For demonstrational purposes, we also use the line:
master.eval(solver_master.get_recorded_entities())
to show how to import back into AMPL all the entities that have been added via ampls
(in our case the cuts) and we print them in AMPL.
print(f"Optimal solution found, cost: {solver_master.get_obj()}\n\n")
# Import the AMPLS model back to AMPL, and show the additional cuts
master.import_solution(solver_master, keep_files=True)
master.eval(solver_master.get_recorded_entities())
master_obj = master.get_current_objective().value()
master.eval("expand {c in 1.._ncons} _con[c];")
Optimal solution found, cost: 16758018.596249998
CPLEX 22.1.1: optimal solution; objective 16758018.59625
0 simplex iterations
CPLEX 22.1.1: optimal solution; objective 16758018.59625
0 simplex iterations
subject to sufficient_production_capacity:
1550*facility_open['Baytown_TX'] + 650*facility_open['Beaumont_TX'] +
1750*facility_open['Baton_Rouge_LA'] >= 3223;
subject to ampls_con_1:
sub_variable_cost['Low'] >= 11621800;
subject to ampls_con_2:
sub_variable_cost['Medium'] + 308962*facility_open['Baytown_TX'] >=
15088700;
subject to ampls_con_3:
sub_variable_cost['High'] + 1548960*facility_open['Baytown_TX'] +
520000*facility_open['Beaumont_TX'] >= 23119700;
subject to ampls_con_4:
sub_variable_cost['Medium'] + 1548960*facility_open['Baytown_TX'] +
520000*facility_open['Beaumont_TX'] >= 16515900;
Check solution#
The following is just to double check the result: we solve the extensive form of the problem and check that its result coincides to the one we get from our implementation of Benders.
def create_ef() -> AMPL:
a = AMPL()
a.eval(
r"""
set FACILITIES;
set CUSTOMERS;
set SCENARIOS;
var facility_open{FACILITIES} binary;
var production{FACILITIES, CUSTOMERS, SCENARIOS} >= 0;
param fixed_cost{FACILITIES} >= 0;
param variable_cost{FACILITIES, CUSTOMERS} >= 0;
param customer_demand{CUSTOMERS, SCENARIOS} >= 0;
param facility_capacity{FACILITIES} >= 0;
param prob{SCENARIOS} default 1/card(SCENARIOS);
minimize TotalCost:
sum{i in FACILITIES} fixed_cost[i] * facility_open[i] +
sum{s in SCENARIOS, i in FACILITIES, j in CUSTOMERS} prob[s] * variable_cost[i,j] * production[i,j,s];
s.t. satisfying_customer_demand{s in SCENARIOS, j in CUSTOMERS}:
sum{i in FACILITIES} production[i,j,s] >= customer_demand[j,s];
s.t. facility_capacity_limits{s in SCENARIOS, i in FACILITIES}:
sum{j in CUSTOMERS} production[i,j,s] <= facility_capacity[i] * facility_open[i];
s.t. sufficient_production_capacity:
sum{i in FACILITIES} facility_capacity[i]*facility_open[i] >= max{s in SCENARIOS} sum{j in CUSTOMERS} customer_demand[j,s];
"""
)
a.option["solver"] = SOLVER
return a
# Check with the extensive form
ef = create_ef()
ef.read_data("floc_ef.dat")
ef.solve()
ef_obj = ef.get_current_objective().value()

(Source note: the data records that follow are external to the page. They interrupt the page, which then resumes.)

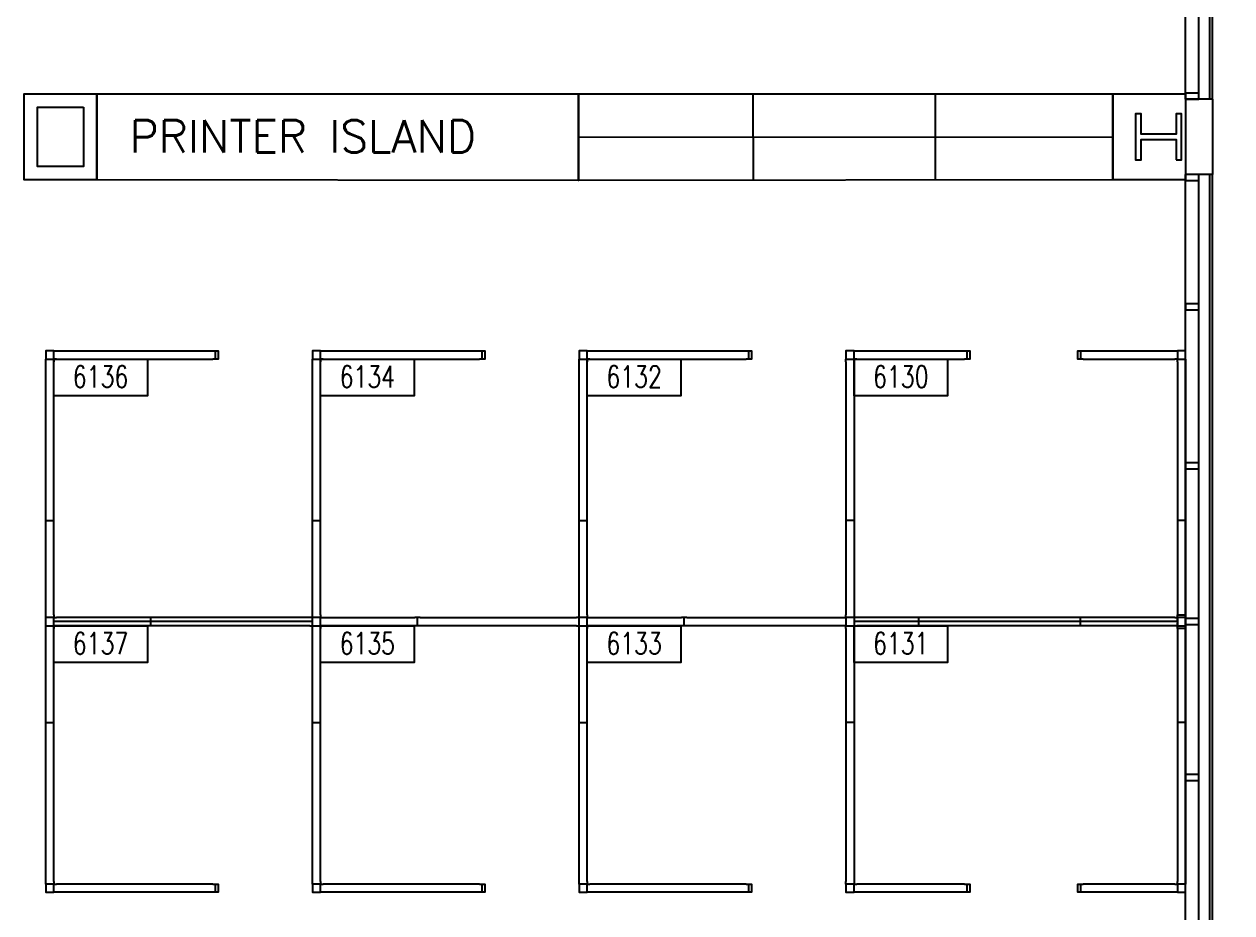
# Model space of a CAD drawing. Header units: millimetres. Extents: x 489553472 to 489553809, y 110504095 to 110504426.
# Drawn here: x 489553736.86 to 489553781.68, y 110504265.72 to 110504298.72 of the extents above; entities that cross this region are included whole.
import ezdxf
from ezdxf.enums import TextEntityAlignment as Align

# ---------------------------------------------------------------- set-up
doc = ezdxf.new("R2010")
doc.units = ezdxf.units.MM
for name, color, linetype in [('DIM', 3, 'Continuous'), ('E-B-FURR', 6, 'Continuous'), ('E-B-GLAZ', 72, 'Continuous'), ('E-B-MULL', 8, 'Continuous'), ('E-B-SHEL', 2, 'Continuous'), ('E-S-COLM', 8, 'Continuous'), ('FILE_CABINETS', 1, 'Continuous'), ('PANELS_201', 6, 'Continuous'), ('PRINTER_ISLAND', 7, 'Continuous'), ('RMNUM', 40, 'Continuous')]:
    doc.layers.add(name, color=color, linetype=linetype)
doc.styles.add('ARCHITXT', font='simplex.shx')
doc.styles.add('ROMANS', font='romans', dxfattribs={"width": 0.75, "height": 8})
doc.styles.get("Standard").update_dxf_attribs({"font": 'arial.ttf'})
doc.dimstyles.new('ISO-25', dxfattribs={"dimscale": 3, "dimtxt": 2.5, "dimasz": 2.5, "dimexe": 1.25, "dimexo": 0.625, "dimtad": 1, "dimdsep": 46, "dimtxsty": 'Standard', "dimcen": 2.5, "dimadec": 0, "dimazin": 0, "dimtfac": 1, "dimtmove": 0, "dimatfit": 3, "dimfxl": 0, "dimarcsym": 0})

# ---------------------------------------------------------------- blocks, each defined once
blk = doc.blocks.new('RMNUM')
at = {"layer": 'RMNUM'}
blk.add_lwpolyline([(-16.33354, 6.674702), (18.388073, 6.674702), (18.388073, -6.982766), (-16.33354, -6.982766), (-16.33354, 6.674702)], dxfattribs=at)
at = {"layer": 'RMNUM', "style": 'ROMANS', "width": 0.75}
blk.add_attdef('NUMBER', text='', height=8, dxfattribs=at).set_placement((1.027267, 0.114097), align=Align.MIDDLE_CENTER)
blk = doc.blocks.new('*D22')
at = {"layer": 'Defpoints', "color": 0, "transparency": 16777216}
for p in [(489553779.956, 110504328.789), (489553798.115, 110504328.826), (489553780.319, 110504149.075)]:
    blk.add_point(p, dxfattribs=at)
at = {"layer": 'DIM', "color": 0, "lineweight": -2, "transparency": 16777216}
for p, q in [((489553781.831, 110504328.793), (489553801.865, 110504328.833)), ((489553798.462, 110504156.611), (489553798.13, 110504321.326)), ((489553782.194, 110504149.078), (489553802.227, 110504149.119))]:
    blk.add_line(p, q, dxfattribs=at)
at = {"layer": 'DIM', "color": 0, "transparency": 16777216}
for points in [[(489553799.38, 110504321.328), (489553796.88, 110504321.323), (489553798.115, 110504328.826)], [(489553799.712, 110504156.614), (489553797.212, 110504156.609), (489553798.477, 110504149.111)]]:
    blk.add_solid(points, dxfattribs=at)
at = {"layer": 'DIM', "color": 0, "transparency": 16777216, "insert": (489553804, 110504238.98), "char_height": 7.5, "attachment_point": 5, "rotation": 270.1155}
blk.add_mtext('188', dxfattribs=at)

msp = doc.modelspace()

# ---------------------------------------------------------------- linework, layer by layer
at = {"layer": 'E-B-FURR'}
for p, q in [((489553779.9561564, 110504295.9370992), (489553779.9561564, 110504329.5370992)), ((489553779.9561564, 110504259.9370992), (489553779.9561564, 110504293.1370992))]:
    msp.add_line(p, q, dxfattribs=at)
for points in [[(489553739.5561564, 110504296.1370992), (489553739.5561564, 110504292.9370992), (489553736.8561563, 110504292.9370992), (489553736.8561563, 110504296.1370992)], [(489553779.9561564, 110504296.1370992), (489553779.9561564, 110504292.9370992), (489553777.2561564, 110504292.9370992), (489553777.2561564, 110504296.1370992)], [(489553739.0561564, 110504295.6370992), (489553739.0561564, 110504293.4370992), (489553737.3561563, 110504293.4370992), (489553737.3561563, 110504295.6370992)]]:
    msp.add_lwpolyline(points, close=True, dxfattribs=at)
at = {"layer": 'E-B-GLAZ'}
for p, q in [((489553780.4561564, 110504295.9370992), (489553780.4561564, 110504329.5370992)), ((489553780.8561563, 110504295.9370992), (489553780.8561563, 110504329.5370992)), ((489553780.9561564, 110504295.9370992), (489553780.9561564, 110504329.5370992)), ((489553780.4561564, 110504259.9370992), (489553780.4561564, 110504293.1370992)), ((489553780.8561563, 110504259.9370992), (489553780.8561563, 110504293.1370992)), ((489553780.9561564, 110504259.9370992), (489553780.9561564, 110504293.1370992))]:
    msp.add_line(p, q, dxfattribs=at)
at = {"layer": 'E-B-MULL'}
for points in [[(489553780.4561564, 110504296.1620992), (489553779.9561564, 110504296.1620992), (489553779.9561564, 110504295.9370992), (489553780.4561564, 110504295.9370992)], [(489553780.4561564, 110504293.1370992), (489553779.9561564, 110504293.1370992), (489553779.9561564, 110504292.9120992), (489553780.4561564, 110504292.9120992)], [(489553780.4561564, 110504288.3370992), (489553779.9561564, 110504288.3370992), (489553779.9561564, 110504288.1120992), (489553780.4561564, 110504288.1120992)], [(489553780.4561564, 110504282.4370992), (489553779.9561564, 110504282.4370992), (489553779.9561564, 110504282.2120992), (489553780.4561564, 110504282.2120992)], [(489553780.4561564, 110504276.6495992), (489553779.9561564, 110504276.6495992), (489553779.9561564, 110504276.4245992), (489553780.4561564, 110504276.4245992)], [(489553780.4561564, 110504270.8620992), (489553779.9561564, 110504270.8620992), (489553779.9561564, 110504270.6370992), (489553780.4561564, 110504270.6370992)]]:
    msp.add_lwpolyline(points, close=True, dxfattribs=at)
at = {"layer": 'E-B-SHEL'}
for p, q in [((489553780.9561564, 110504295.9370992), (489553779.9561564, 110504295.9370992)), ((489553779.9561564, 110504295.9370992), (489553779.9561564, 110504293.1370992)), ((489553780.9561564, 110504295.9370992), (489553780.9561564, 110504293.1370992)), ((489553780.9561564, 110504293.1370992), (489553779.9561564, 110504293.1370992))]:
    msp.add_line(p, q, dxfattribs=at)
at = {"layer": 'E-S-COLM'}
msp.add_lwpolyline([(489553779.6061563, 110504293.6870992), (489553779.8061564, 110504293.6870992), (489553779.8061564, 110504295.3870992), (489553779.6061563, 110504295.3870992), (489553779.6061563, 110504294.6370992), (489553778.3061564, 110504294.6370992), (489553778.3061564, 110504295.3870992), (489553778.1061563, 110504295.3870992), (489553778.1061563, 110504293.6870992), (489553778.3061564, 110504293.6870992), (489553778.3061564, 110504294.4370992), (489553779.6061563, 110504294.4370992)], close=True, dxfattribs=at)
at = {"layer": 'FILE_CABINETS'}
for p, q in [((489553763.903808, 110504296.115284), (489553763.9078356, 110504292.9202725)), ((489553770.6622897, 110504296.1370992), (489553770.6663342, 110504292.9287922)), ((489553757.4240841, 110504294.5245992), (489553777.2561564, 110504294.5370992))]:
    msp.add_line(p, q, dxfattribs=at)
msp.add_lwpolyline([(489553757.4240841, 110504296.1370992), (489553777.2561564, 110504296.1370992), (489553777.2561564, 110504292.9370992), (489553757.4240841, 110504292.9120992)], close=True, dxfattribs=at)
at = {"layer": 'PANELS_201', "linetype": 'Continuous'}
for p, q in [((489553779.6561564, 110504280.3870215), (489553779.6561564, 110504280.1870215)), ((489553779.9561564, 110504280.3870215), (489553779.9561564, 110504280.1870215)), ((489553779.9561564, 110504280.2870215), (489553779.6561564, 110504280.2870215)), ((489553747.9560243, 110504276.6870992), (489553751.3560243, 110504276.6870992)), ((489553751.3560243, 110504276.3870992), (489553747.9560243, 110504276.3870992)), ((489553751.5560243, 110504276.6870992), (489553757.3560243, 110504276.6870992)), ((489553757.3560243, 110504276.3870992), (489553751.5560243, 110504276.3870992)), ((489553757.8560243, 110504276.6870992), (489553761.2560242, 110504276.6870992)), ((489553761.2560242, 110504276.3870992), (489553757.8560243, 110504276.3870992)), ((489553761.4560243, 110504276.6870992), (489553767.2560242, 110504276.6870992)), ((489553767.2560242, 110504276.3870992), (489553761.4560243, 110504276.3870992)), ((489553779.6560243, 110504276.3870992), (489553779.9560243, 110504276.3870992)), ((489553779.9561564, 110504276.6870217), (489553779.6561564, 110504276.6870217)), ((489553779.6560243, 110504272.8870994), (489553779.6560243, 110504272.6870994)), ((489553779.9560243, 110504272.7870994), (489553779.6560243, 110504272.7870994)), ((489553779.9560243, 110504272.8870994), (489553779.9560243, 110504272.6870994))]:
    msp.add_line(p, q, dxfattribs=at)
for points in [[(489553737.9560243, 110504286.5870992), (489553737.6560243, 110504286.5870992), (489553737.6560243, 110504286.2870992)], [(489553737.6560243, 110504286.1870992), (489553737.6560243, 110504286.2870992), (489553737.9560243, 110504286.2870992), (489553737.9560243, 110504286.1870992)], [(489553737.6560243, 110504280.3870992), (489553737.6560243, 110504286.1870992)], [(489553738.0560243, 110504286.2870992), (489553737.9560243, 110504286.2870992), (489553737.9560243, 110504286.5870992), (489553738.0560243, 110504286.5870992)], [(489553737.9560243, 110504280.3870992), (489553737.9560243, 110504286.1870992)], [(489553738.0560243, 110504286.5870992), (489553743.8560243, 110504286.5870992)], [(489553738.0560243, 110504286.2870992), (489553743.8560243, 110504286.2870992)], [(489553743.8560243, 110504286.5870992), (489553743.9560243, 110504286.5870992), (489553744.0560243, 110504286.5870992), (489553744.0560243, 110504286.2870992), (489553743.8560243, 110504286.2870992)], [(489553743.9560243, 110504286.2870992), (489553743.9560243, 110504286.5870992)], [(489553747.8560243, 110504286.5870992), (489553747.5560243, 110504286.5870992), (489553747.5560243, 110504286.2870992)], [(489553747.5560243, 110504286.1870992), (489553747.5560243, 110504286.2870992), (489553747.8560243, 110504286.2870992), (489553747.8560243, 110504286.1870992)], [(489553747.5560243, 110504280.3870992), (489553747.5560243, 110504286.1870992)], [(489553747.9560243, 110504286.2870992), (489553747.8560243, 110504286.2870992), (489553747.8560243, 110504286.5870992), (489553747.9560243, 110504286.5870992)], [(489553747.8560243, 110504280.3870992), (489553747.8560243, 110504286.1870992)], [(489553747.9560243, 110504286.5870992), (489553753.7560242, 110504286.5870992)], [(489553747.9560243, 110504286.2870992), (489553753.7560242, 110504286.2870992)], [(489553753.7560242, 110504286.5870992), (489553753.8560243, 110504286.5870992), (489553753.9560243, 110504286.5870992), (489553753.9560243, 110504286.2870992), (489553753.7560242, 110504286.2870992)], [(489553753.8560243, 110504286.2870992), (489553753.8560243, 110504286.5870992)], [(489553757.7560242, 110504286.5870992), (489553757.4560243, 110504286.5870992), (489553757.4560243, 110504286.2870992)], [(489553757.4560243, 110504286.1870992), (489553757.4560243, 110504286.2870992), (489553757.7560242, 110504286.2870992), (489553757.7560242, 110504286.1870992)], [(489553757.4560243, 110504280.3870992), (489553757.4560243, 110504286.1870992)], [(489553757.8560243, 110504286.2870992), (489553757.7560242, 110504286.2870992), (489553757.7560242, 110504286.5870992), (489553757.8560243, 110504286.5870992)], [(489553757.7560242, 110504280.3870992), (489553757.7560242, 110504286.1870992)], [(489553757.8560243, 110504286.5870992), (489553763.6560243, 110504286.5870992)], [(489553757.8560243, 110504286.2870992), (489553763.6560243, 110504286.2870992)], [(489553763.6560243, 110504286.5870992), (489553763.7560242, 110504286.5870992), (489553763.8560243, 110504286.5870992), (489553763.8560243, 110504286.2870992), (489553763.6560243, 110504286.2870992)], [(489553763.7560242, 110504286.2870992), (489553763.7560242, 110504286.5870992)], [(489553767.6560243, 110504286.5870992), (489553767.3560243, 110504286.5870992), (489553767.3560243, 110504286.2870992)], [(489553767.3560243, 110504286.1870992), (489553767.3560243, 110504286.2870992), (489553767.6560243, 110504286.2870992), (489553767.6560243, 110504286.1870992)], [(489553767.3560243, 110504286.1870992), (489553767.3560243, 110504280.3870992)], [(489553767.7560242, 110504286.2870992), (489553767.6560243, 110504286.2870992), (489553767.6560243, 110504286.5870992), (489553767.7560242, 110504286.5870992)], [(489553767.6560243, 110504286.1870992), (489553767.6560243, 110504280.3870992)], [(489553767.7560242, 110504286.5870992), (489553771.7560242, 110504286.5870992)], [(489553767.7560242, 110504286.2870992), (489553771.7560242, 110504286.2870992)], [(489553771.7560242, 110504286.5870992), (489553771.8560243, 110504286.5870992), (489553771.9560243, 110504286.5870992), (489553771.9560243, 110504286.2870992), (489553771.7560242, 110504286.2870992)], [(489553771.8560243, 110504286.2870992), (489553771.8560243, 110504286.5870992)], [(489553776.1561565, 110504286.2870215), (489553776.0561566, 110504286.2870215), (489553775.9561566, 110504286.2870215), (489553775.9561566, 110504286.5870215), (489553776.1561565, 110504286.5870215)], [(489553776.0561566, 110504286.5870215), (489553776.0561566, 110504286.2870215)], [(489553776.1561565, 110504286.5870215), (489553779.5561564, 110504286.5870215)], [(489553776.1561565, 110504286.2870215), (489553779.5561564, 110504286.2870215)], [(489553779.5561564, 110504286.5870215), (489553779.6561564, 110504286.5870215), (489553779.6561564, 110504286.2870215), (489553779.5561564, 110504286.2870215)], [(489553779.9561564, 110504286.2870215), (489553779.9561564, 110504286.5870215), (489553779.6561564, 110504286.5870215)], [(489553779.6561564, 110504286.1870215), (489553779.6561564, 110504286.2870215), (489553779.9561564, 110504286.2870215), (489553779.9561564, 110504286.1870215)], [(489553779.6561564, 110504286.1870215), (489553779.6561564, 110504280.3870215)], [(489553779.9561564, 110504286.1870215), (489553779.9561564, 110504280.3870215)], [(489553737.6560243, 110504280.1870992), (489553737.6560243, 110504280.3870992)], [(489553737.9560243, 110504280.1870992), (489553737.9560243, 110504280.3870992)], [(489553747.5560243, 110504280.1870992), (489553747.5560243, 110504280.3870992)], [(489553747.8560243, 110504280.1870992), (489553747.8560243, 110504280.3870992)], [(489553757.4560243, 110504280.1870992), (489553757.4560243, 110504280.3870992)], [(489553757.7560242, 110504280.1870992), (489553757.7560242, 110504280.3870992)], [(489553767.3560243, 110504280.3870992), (489553767.3560243, 110504280.1870992)], [(489553767.6560243, 110504280.3870992), (489553767.6560243, 110504280.1870992)], [(489553737.6560243, 110504280.2870992), (489553737.9560243, 110504280.2870992)], [(489553737.6560243, 110504276.7870992), (489553737.6560243, 110504280.1870992)], [(489553737.9560243, 110504276.7870992), (489553737.9560243, 110504280.1870992)], [(489553747.5560243, 110504280.2870992), (489553747.8560243, 110504280.2870992)], [(489553747.5560243, 110504276.7870992), (489553747.5560243, 110504280.1870992)], [(489553747.8560243, 110504276.7870992), (489553747.8560243, 110504280.1870992)], [(489553757.4560243, 110504280.2870992), (489553757.7560242, 110504280.2870992)], [(489553757.4560243, 110504276.7870992), (489553757.4560243, 110504280.1870992)], [(489553757.7560242, 110504276.7870992), (489553757.7560242, 110504280.1870992)], [(489553767.6560243, 110504280.2870992), (489553767.3560243, 110504280.2870992)], [(489553767.3560243, 110504280.1870992), (489553767.3560243, 110504276.7870992)], [(489553767.6560243, 110504280.1870992), (489553767.6560243, 110504276.7870992)], [(489553779.6561564, 110504280.1870215), (489553779.6561564, 110504276.7870217)], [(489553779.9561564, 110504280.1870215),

print(f"Optimal solution EF form: {ef_obj}")
print(f"Optimal solution Benders: {master_obj}")
assert math.isclose(
ef_obj, master_obj, rel_tol=1e-9
), "EF and Benders objective values do not match!"
print("EF and Benders objective values match!")
CPLEX 22.1.1.0: optimal integer solution; objective 16758018.6
18 MIP simplex iterations
0 branch-and-bound nodes
Optimal solution EF form: 16758018.596250001
Optimal solution Benders: 16758018.596249994
EF and Benders objective values match!